> _Work to complete_
Write out exactly, please, the lines from the one containing "unconnected-(R85-Pad1): length 47.1" to the end of the material.

Segment Start: Given records

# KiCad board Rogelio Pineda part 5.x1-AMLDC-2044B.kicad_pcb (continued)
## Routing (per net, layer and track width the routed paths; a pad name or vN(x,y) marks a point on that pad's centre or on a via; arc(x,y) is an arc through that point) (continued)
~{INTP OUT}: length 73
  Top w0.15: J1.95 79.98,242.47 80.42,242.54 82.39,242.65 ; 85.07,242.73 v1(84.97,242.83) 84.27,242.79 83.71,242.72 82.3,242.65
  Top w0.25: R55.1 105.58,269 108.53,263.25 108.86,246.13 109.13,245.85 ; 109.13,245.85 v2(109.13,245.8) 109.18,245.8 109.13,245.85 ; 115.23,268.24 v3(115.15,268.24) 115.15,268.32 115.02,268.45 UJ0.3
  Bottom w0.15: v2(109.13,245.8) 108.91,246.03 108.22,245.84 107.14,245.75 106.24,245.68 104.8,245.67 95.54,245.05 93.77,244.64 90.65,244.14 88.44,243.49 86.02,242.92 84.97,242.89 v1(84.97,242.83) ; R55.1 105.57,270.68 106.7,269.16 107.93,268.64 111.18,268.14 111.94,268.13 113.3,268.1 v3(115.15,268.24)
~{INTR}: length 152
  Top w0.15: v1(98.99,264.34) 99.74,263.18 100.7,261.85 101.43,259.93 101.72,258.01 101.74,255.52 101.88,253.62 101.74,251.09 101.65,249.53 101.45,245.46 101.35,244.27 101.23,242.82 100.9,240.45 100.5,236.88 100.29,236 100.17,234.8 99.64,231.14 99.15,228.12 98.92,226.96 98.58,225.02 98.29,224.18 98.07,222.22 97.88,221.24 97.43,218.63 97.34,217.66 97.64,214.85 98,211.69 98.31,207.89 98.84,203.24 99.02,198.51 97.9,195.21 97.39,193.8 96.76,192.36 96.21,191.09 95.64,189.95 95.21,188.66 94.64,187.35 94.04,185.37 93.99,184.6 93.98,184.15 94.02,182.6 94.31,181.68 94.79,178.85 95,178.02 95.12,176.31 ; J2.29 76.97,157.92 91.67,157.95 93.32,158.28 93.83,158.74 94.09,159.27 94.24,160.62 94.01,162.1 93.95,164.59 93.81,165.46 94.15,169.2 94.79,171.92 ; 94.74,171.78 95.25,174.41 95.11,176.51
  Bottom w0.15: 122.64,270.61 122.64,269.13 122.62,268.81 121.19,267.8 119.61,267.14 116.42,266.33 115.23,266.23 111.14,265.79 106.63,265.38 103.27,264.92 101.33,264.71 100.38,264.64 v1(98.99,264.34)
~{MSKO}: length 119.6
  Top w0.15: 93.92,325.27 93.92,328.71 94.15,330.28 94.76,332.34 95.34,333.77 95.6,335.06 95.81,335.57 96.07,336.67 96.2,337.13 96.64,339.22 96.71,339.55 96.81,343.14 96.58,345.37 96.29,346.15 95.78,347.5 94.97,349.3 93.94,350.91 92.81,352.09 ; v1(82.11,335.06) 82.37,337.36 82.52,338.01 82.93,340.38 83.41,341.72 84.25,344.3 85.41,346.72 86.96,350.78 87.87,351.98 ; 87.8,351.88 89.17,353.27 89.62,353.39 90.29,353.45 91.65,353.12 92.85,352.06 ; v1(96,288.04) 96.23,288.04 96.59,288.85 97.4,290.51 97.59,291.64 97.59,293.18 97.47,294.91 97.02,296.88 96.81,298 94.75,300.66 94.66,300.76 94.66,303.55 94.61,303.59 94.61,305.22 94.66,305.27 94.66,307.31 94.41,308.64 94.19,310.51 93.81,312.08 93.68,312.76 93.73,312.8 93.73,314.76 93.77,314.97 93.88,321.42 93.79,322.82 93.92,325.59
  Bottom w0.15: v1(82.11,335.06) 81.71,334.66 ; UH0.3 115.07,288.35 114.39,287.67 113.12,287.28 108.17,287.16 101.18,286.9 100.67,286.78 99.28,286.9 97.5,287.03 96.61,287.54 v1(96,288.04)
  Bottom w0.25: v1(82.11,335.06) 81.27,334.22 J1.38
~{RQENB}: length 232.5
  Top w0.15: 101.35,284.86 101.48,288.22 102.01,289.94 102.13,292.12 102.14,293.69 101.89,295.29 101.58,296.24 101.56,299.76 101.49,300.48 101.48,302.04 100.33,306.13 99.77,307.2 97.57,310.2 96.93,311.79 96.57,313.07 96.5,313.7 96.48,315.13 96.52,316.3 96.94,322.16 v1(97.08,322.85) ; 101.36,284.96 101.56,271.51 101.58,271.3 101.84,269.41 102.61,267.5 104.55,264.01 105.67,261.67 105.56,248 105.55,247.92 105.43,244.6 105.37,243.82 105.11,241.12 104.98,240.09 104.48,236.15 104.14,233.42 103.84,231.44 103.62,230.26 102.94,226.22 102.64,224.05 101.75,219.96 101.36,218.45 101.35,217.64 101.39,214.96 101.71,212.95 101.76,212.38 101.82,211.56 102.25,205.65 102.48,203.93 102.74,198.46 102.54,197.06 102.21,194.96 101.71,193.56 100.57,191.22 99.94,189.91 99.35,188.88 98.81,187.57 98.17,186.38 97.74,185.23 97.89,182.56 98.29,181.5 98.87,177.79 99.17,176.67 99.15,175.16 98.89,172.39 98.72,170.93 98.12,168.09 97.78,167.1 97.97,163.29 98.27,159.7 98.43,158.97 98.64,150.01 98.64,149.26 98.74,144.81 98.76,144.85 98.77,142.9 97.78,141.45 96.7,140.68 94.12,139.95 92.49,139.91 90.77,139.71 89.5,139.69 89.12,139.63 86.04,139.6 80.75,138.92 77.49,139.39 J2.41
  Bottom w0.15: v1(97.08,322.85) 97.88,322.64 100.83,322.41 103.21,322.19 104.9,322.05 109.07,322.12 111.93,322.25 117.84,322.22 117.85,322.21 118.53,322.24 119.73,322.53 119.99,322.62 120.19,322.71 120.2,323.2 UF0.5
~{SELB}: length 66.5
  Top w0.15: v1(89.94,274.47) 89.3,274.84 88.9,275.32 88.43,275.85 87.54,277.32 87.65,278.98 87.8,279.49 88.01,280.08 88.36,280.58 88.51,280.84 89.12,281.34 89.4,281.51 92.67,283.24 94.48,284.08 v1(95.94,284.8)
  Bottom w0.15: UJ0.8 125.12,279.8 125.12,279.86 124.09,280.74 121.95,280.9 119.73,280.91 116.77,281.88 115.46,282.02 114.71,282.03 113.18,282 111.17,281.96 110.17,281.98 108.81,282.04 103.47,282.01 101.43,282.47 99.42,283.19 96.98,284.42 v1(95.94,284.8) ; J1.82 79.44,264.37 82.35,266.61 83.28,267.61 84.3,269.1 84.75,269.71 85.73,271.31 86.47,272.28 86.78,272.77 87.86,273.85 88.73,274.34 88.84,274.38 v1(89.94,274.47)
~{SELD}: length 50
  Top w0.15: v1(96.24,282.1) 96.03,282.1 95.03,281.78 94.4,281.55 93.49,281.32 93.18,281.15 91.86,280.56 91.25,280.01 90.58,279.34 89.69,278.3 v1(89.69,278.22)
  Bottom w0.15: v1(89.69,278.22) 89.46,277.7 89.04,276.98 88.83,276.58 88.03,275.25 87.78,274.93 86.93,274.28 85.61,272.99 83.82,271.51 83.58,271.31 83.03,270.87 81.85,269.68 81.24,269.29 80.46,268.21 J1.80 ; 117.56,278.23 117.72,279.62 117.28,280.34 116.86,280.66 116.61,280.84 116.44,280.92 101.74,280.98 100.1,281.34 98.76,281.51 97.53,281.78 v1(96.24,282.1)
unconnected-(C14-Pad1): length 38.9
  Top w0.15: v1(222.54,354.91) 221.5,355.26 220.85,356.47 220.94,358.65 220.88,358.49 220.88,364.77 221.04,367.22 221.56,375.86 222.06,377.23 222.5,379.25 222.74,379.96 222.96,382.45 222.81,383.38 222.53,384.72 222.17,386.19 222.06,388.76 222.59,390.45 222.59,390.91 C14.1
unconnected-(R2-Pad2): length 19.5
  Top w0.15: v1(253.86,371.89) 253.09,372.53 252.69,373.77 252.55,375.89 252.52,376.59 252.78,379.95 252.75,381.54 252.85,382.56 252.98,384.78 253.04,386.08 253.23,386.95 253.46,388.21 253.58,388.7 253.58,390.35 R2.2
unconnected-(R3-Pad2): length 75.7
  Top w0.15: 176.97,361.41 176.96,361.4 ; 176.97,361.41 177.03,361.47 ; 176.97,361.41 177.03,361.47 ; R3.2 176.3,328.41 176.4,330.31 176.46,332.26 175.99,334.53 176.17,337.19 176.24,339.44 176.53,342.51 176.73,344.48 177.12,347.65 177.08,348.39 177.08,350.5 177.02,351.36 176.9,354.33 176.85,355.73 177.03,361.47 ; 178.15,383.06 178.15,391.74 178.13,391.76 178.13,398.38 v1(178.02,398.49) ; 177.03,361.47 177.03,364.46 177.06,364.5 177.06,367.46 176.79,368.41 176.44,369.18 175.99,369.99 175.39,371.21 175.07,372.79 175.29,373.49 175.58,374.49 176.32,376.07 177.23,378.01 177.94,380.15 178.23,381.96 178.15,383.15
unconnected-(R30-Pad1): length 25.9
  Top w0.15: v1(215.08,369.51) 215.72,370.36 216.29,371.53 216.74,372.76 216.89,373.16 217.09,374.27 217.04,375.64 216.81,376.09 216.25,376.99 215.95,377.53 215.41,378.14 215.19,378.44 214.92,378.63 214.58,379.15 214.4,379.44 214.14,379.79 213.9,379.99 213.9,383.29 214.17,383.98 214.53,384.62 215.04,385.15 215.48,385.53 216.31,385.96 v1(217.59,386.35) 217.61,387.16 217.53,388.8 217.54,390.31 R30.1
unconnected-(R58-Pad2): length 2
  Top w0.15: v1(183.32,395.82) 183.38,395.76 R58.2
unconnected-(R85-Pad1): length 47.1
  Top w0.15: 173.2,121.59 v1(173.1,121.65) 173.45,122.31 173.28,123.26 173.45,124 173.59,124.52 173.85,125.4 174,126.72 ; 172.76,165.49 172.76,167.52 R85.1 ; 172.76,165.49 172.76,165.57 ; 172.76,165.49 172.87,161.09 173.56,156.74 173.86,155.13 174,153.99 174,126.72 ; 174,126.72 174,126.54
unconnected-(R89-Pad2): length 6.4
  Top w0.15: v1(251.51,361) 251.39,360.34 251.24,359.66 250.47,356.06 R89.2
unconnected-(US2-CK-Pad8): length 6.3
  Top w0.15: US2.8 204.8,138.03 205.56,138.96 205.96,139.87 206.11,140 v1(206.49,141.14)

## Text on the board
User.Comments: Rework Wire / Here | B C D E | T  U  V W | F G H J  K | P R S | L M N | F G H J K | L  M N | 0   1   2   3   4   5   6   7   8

Segment End: Given records

> _Exercise solution_
unconnected-(R85-Pad1): length 47.1
  Top w0.15: 173.2,121.59 v1(173.1,121.65) 173.45,122.31 173.28,123.26 173.45,124 173.59,124.52 173.85,125.4 174,126.72 ; 172.76,165.49 172.76,167.52 R85.1 ; 172.76,165.49 172.76,165.57 ; 172.76,165.49 172.87,161.09 173.56,156.74 173.86,155.13 174,153.99 174,126.72 ; 174,126.72 174,126.54
unconnected-(R89-Pad2): length 6.4
  Top w0.15: v1(251.51,361) 251.39,360.34 251.24,359.66 250.47,356.06 R89.2
unconnected-(US2-CK-Pad8): length 6.3
  Top w0.15: US2.8 204.8,138.03 205.56,138.96 205.96,139.87 206.11,140 v1(206.49,141.14)

## Text on the board
User.Comments: Rework Wire / Here | B C D E | T  U  V W | F G H J  K | P R S | L M N | F G H J K | L  M N | 0   1   2   3   4   5   6   7   8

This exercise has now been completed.